The latest generation, Generation Tsitsipas, mainly composed of players like Stefanos Tsitsipas, Denis Shapovalov and Hyeon Chung, arrived, after the initial edition of the NextGen finals. There was even a serious discussion about the possibility of no one being able to succeed the Big 3.
But, it seems that a dark horse has truly emerged now. While the world was making all the noise trying to tout this player or that player as the ‘next big thing’, 23-year old Daniil Medvedev has been working hard.
He has that intense quality about him: it is very easy to notice. He is not some once-in-a-generation talent like Federer or Sampras or a supernatural physical specimen like Djokovic or Nadal: all he does is giving the next shot his all.
And that is what makes him a rather persistent opponent. He will chase every ball down like his life depends upon it and hit it back to you.
Medvedev clearly enjoys his game, but the fact that he can play like a robot on the court adds a lot of edge to his whole package.
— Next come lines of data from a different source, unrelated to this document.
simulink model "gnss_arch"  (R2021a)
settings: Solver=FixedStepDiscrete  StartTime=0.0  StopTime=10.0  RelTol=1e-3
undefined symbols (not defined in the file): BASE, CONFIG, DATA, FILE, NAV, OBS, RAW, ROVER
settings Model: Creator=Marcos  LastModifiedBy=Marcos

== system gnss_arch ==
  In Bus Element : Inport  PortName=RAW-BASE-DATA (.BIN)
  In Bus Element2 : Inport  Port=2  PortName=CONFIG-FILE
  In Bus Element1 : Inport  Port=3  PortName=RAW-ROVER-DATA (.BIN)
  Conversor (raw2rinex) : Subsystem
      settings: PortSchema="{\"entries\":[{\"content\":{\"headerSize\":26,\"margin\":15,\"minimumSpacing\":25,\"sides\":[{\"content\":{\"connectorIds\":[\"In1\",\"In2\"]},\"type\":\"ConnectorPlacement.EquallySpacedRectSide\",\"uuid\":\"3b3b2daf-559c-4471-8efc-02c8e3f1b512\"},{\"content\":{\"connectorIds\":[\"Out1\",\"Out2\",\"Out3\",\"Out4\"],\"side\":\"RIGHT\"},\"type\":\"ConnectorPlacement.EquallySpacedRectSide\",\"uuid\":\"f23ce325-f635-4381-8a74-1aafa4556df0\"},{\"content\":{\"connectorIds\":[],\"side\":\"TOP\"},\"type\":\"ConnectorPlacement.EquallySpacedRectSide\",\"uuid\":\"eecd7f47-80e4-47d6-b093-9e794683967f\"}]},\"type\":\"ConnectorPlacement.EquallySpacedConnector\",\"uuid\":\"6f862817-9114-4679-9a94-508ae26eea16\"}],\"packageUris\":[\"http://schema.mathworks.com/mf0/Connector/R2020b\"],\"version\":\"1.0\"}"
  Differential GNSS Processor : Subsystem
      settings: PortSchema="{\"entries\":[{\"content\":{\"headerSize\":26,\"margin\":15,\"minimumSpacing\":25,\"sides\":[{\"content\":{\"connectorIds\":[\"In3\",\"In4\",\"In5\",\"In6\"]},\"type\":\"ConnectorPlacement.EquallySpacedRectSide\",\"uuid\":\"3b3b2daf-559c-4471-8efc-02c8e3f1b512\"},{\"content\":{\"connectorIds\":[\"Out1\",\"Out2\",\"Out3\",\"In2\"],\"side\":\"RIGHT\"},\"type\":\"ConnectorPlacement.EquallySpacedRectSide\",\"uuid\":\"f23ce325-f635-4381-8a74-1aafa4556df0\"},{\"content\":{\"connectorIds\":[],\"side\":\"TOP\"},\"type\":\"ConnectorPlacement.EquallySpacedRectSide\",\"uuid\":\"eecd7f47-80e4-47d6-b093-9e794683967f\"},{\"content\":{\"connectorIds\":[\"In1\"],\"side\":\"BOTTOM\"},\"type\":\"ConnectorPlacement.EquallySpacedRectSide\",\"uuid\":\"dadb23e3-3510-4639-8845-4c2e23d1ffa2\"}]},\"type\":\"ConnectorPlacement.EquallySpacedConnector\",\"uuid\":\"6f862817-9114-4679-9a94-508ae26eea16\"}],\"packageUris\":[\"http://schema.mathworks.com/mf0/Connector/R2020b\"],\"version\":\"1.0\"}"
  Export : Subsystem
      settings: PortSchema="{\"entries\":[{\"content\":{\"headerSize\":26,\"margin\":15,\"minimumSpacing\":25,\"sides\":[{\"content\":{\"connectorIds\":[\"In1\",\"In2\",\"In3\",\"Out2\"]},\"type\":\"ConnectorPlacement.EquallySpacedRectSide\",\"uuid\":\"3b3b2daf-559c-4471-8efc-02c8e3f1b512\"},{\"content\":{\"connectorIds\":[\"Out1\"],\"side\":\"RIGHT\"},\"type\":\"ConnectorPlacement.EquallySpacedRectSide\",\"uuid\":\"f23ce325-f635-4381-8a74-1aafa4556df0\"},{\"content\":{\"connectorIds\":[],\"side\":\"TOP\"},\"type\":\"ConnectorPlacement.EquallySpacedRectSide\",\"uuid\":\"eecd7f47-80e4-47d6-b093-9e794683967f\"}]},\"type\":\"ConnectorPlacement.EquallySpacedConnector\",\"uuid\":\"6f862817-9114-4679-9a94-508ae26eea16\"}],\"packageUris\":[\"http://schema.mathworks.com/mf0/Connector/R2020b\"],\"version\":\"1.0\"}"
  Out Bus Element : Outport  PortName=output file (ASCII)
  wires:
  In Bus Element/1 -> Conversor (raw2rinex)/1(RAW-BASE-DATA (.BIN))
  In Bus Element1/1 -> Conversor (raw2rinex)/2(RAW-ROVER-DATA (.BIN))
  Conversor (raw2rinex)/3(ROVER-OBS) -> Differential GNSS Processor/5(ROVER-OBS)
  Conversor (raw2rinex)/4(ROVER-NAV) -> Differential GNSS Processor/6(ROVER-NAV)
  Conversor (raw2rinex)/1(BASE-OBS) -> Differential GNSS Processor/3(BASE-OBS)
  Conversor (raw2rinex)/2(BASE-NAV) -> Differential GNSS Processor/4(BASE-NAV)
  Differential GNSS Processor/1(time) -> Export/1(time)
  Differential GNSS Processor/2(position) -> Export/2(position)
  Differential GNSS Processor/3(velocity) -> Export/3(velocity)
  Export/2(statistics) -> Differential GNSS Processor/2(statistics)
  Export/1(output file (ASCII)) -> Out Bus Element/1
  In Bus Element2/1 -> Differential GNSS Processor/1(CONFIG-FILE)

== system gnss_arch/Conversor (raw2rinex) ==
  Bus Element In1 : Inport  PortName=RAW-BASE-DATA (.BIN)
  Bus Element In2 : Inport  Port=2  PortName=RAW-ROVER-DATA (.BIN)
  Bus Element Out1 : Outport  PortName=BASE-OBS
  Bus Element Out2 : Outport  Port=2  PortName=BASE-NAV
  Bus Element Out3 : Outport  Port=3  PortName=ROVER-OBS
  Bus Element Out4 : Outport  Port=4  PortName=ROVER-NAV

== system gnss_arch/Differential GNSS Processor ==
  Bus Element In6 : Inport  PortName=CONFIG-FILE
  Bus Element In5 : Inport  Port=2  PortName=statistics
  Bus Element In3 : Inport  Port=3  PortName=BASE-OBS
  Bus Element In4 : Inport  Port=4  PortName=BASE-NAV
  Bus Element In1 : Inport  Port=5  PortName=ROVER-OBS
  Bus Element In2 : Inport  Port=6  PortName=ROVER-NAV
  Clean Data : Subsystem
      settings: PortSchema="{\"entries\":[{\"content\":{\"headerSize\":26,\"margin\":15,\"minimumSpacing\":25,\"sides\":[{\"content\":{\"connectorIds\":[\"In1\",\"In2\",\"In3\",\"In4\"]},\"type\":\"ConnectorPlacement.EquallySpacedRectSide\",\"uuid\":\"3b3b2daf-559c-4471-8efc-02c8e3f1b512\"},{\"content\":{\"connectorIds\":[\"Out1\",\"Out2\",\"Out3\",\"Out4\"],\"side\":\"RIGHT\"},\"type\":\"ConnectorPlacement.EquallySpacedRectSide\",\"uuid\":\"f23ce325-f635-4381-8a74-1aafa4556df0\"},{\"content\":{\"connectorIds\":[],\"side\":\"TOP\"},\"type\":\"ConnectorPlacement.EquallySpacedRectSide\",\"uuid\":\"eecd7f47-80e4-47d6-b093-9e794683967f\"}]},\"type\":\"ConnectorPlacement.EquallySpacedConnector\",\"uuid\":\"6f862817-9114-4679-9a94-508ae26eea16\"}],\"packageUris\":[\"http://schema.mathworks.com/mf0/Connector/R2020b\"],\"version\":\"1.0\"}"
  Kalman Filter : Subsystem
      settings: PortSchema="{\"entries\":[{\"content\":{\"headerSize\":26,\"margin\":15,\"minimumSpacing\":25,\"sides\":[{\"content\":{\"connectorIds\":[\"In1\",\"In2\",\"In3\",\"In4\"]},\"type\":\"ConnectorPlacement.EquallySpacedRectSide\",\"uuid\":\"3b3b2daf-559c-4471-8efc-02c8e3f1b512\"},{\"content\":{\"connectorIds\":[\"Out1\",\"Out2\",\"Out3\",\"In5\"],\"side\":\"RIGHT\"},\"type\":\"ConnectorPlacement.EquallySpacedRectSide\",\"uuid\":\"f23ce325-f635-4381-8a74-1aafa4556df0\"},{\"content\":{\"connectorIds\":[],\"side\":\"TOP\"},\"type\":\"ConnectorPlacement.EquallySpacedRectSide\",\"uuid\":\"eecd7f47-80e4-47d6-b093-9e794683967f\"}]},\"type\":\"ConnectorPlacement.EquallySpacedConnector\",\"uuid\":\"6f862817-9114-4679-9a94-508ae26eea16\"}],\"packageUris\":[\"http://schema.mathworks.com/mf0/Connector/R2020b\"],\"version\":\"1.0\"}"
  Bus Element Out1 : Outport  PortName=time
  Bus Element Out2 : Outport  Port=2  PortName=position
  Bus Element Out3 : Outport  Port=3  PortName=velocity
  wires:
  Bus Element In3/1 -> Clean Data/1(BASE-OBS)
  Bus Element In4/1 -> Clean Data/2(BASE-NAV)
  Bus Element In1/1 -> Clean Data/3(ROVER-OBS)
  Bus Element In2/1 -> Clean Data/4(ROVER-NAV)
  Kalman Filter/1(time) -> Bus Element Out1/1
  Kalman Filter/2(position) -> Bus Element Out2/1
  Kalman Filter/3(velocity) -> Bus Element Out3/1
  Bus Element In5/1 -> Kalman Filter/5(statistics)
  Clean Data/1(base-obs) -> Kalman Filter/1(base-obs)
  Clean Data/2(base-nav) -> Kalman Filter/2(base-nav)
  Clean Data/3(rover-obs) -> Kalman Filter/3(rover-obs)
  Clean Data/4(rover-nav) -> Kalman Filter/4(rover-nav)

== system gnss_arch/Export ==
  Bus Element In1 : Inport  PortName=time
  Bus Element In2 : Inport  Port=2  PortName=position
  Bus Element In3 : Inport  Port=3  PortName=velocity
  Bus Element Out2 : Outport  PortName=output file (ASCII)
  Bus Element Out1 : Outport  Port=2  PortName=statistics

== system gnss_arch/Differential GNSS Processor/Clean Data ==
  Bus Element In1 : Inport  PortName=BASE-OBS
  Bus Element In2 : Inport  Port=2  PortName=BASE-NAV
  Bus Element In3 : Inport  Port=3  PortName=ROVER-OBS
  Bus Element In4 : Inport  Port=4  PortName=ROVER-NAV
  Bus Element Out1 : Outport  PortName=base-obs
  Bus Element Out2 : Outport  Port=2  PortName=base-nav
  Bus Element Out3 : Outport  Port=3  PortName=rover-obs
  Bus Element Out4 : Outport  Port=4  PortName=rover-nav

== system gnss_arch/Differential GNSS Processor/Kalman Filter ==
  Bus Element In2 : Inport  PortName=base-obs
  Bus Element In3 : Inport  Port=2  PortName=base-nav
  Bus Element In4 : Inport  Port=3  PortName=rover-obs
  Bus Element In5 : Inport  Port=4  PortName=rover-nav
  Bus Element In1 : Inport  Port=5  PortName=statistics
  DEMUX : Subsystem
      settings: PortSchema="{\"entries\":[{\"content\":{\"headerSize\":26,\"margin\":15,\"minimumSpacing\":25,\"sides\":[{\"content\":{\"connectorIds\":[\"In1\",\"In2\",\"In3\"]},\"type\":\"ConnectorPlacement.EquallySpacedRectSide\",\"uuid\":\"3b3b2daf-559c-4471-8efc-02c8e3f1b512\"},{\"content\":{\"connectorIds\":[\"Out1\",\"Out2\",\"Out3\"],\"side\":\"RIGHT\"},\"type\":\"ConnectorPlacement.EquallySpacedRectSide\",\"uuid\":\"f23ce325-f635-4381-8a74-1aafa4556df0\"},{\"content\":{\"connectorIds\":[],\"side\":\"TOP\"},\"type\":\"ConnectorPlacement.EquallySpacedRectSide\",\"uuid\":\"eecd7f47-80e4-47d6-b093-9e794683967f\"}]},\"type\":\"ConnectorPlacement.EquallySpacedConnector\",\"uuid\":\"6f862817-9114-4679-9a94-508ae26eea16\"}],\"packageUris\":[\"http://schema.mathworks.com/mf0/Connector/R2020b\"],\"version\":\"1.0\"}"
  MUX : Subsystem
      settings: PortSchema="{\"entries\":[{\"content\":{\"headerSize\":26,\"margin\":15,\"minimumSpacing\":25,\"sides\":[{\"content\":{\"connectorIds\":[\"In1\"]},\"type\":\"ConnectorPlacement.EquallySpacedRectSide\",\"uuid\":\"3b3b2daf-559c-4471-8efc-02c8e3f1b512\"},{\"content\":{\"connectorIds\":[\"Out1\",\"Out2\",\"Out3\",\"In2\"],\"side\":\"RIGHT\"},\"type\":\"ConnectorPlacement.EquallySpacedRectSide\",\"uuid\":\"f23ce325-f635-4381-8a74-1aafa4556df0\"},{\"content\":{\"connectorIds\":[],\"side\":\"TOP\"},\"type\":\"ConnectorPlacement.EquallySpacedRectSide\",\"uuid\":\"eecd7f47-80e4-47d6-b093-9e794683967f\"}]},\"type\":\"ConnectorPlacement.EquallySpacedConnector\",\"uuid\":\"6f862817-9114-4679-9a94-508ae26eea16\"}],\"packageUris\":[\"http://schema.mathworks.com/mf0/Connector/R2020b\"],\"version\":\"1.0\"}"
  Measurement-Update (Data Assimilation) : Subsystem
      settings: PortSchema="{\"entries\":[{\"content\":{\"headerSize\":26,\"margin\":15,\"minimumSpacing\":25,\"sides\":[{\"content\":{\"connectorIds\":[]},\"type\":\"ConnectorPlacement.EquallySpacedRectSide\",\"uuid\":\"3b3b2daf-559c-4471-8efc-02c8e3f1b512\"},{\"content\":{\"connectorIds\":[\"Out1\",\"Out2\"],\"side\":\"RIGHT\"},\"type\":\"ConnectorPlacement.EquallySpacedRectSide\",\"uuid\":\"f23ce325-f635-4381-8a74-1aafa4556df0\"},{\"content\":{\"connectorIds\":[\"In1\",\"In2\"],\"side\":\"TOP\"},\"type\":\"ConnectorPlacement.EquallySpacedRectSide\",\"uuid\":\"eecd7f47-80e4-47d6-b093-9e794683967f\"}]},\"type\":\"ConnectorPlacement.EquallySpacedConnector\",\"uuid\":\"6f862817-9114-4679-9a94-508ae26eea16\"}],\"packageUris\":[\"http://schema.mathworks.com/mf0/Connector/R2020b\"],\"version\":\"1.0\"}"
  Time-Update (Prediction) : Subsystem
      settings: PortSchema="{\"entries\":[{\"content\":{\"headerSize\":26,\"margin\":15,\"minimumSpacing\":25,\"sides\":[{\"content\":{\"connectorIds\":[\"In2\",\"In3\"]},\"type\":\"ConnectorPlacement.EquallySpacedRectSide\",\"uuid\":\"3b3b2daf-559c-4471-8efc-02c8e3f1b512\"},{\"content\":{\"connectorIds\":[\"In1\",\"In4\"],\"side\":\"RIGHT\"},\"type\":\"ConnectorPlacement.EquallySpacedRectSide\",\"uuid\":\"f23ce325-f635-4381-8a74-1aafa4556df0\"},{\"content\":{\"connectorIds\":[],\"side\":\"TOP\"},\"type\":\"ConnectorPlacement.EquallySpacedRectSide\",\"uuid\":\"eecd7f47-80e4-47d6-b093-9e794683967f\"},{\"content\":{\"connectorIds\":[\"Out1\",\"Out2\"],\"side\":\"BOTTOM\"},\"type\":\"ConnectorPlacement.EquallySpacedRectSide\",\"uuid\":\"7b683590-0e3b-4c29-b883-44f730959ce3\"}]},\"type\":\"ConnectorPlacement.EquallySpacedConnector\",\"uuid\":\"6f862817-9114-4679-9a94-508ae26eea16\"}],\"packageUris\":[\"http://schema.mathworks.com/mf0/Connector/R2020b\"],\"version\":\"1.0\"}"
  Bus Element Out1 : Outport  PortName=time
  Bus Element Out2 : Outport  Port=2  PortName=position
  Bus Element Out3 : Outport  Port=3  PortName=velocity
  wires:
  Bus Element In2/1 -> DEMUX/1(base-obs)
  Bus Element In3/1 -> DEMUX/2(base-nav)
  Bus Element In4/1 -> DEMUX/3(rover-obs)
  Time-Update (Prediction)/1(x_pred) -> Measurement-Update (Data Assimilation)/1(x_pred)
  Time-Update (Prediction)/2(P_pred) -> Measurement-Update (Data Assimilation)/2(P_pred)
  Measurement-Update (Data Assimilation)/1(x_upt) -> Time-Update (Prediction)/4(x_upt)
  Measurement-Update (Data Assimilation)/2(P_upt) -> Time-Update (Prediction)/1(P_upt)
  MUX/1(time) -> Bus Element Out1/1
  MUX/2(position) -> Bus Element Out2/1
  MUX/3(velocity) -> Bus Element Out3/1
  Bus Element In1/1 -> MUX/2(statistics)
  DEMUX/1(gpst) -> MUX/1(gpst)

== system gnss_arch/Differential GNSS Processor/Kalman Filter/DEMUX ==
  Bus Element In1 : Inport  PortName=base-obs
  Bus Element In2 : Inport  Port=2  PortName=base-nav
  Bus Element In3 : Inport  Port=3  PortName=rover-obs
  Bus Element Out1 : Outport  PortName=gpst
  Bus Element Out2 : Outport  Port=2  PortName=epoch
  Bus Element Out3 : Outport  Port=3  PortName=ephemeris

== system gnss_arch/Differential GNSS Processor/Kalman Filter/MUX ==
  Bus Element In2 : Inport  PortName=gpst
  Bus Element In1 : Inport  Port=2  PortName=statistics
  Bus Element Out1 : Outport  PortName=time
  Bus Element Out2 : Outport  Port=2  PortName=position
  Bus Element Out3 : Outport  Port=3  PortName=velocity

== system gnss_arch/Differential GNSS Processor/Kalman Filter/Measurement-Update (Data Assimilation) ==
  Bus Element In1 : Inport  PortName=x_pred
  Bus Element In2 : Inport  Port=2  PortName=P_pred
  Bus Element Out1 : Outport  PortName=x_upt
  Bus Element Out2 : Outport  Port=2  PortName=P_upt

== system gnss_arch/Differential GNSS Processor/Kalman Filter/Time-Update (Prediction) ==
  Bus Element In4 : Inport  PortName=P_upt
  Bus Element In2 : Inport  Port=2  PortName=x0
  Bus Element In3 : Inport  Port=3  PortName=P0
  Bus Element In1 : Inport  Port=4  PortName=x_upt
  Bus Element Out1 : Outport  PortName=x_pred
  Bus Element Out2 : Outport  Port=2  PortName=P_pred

His mental game is head and shoulders above his peers, and that has made him a very grave threat across the tour. While mental strength is an important aspect of a player’s repertoire, it is not the only thing that propels him forward.
There is a certain amount of tactical acumen that he possesses, which has been made very clear by his ability to turn a lot of shots into winners. His drop shot is a thing of beauty. His ability to mix up his shots seems to be on another level altogether.
Every player who has been called the future of tennis has had a meteoric rise, but perhaps this time it might turn out to be different, for now, we have the power of hindsight. Daniil Medvedev has almost all the ingredients for greatness, and this year can safely be called the year of Medvedev.
We don’t know what 2020 holds for the 23-year-old from Russia, but good things seem to be on the horizon.
He has all the ingredients to cook up a spicy gravy for the 'Big Three', but if he has the longevity and temperament to pull through thick and thin, is too early to tell.
Most definitely, Daniil Medvedev is the closest specimen that has come to topple the dominance of tennis' iconic 'Big Three'.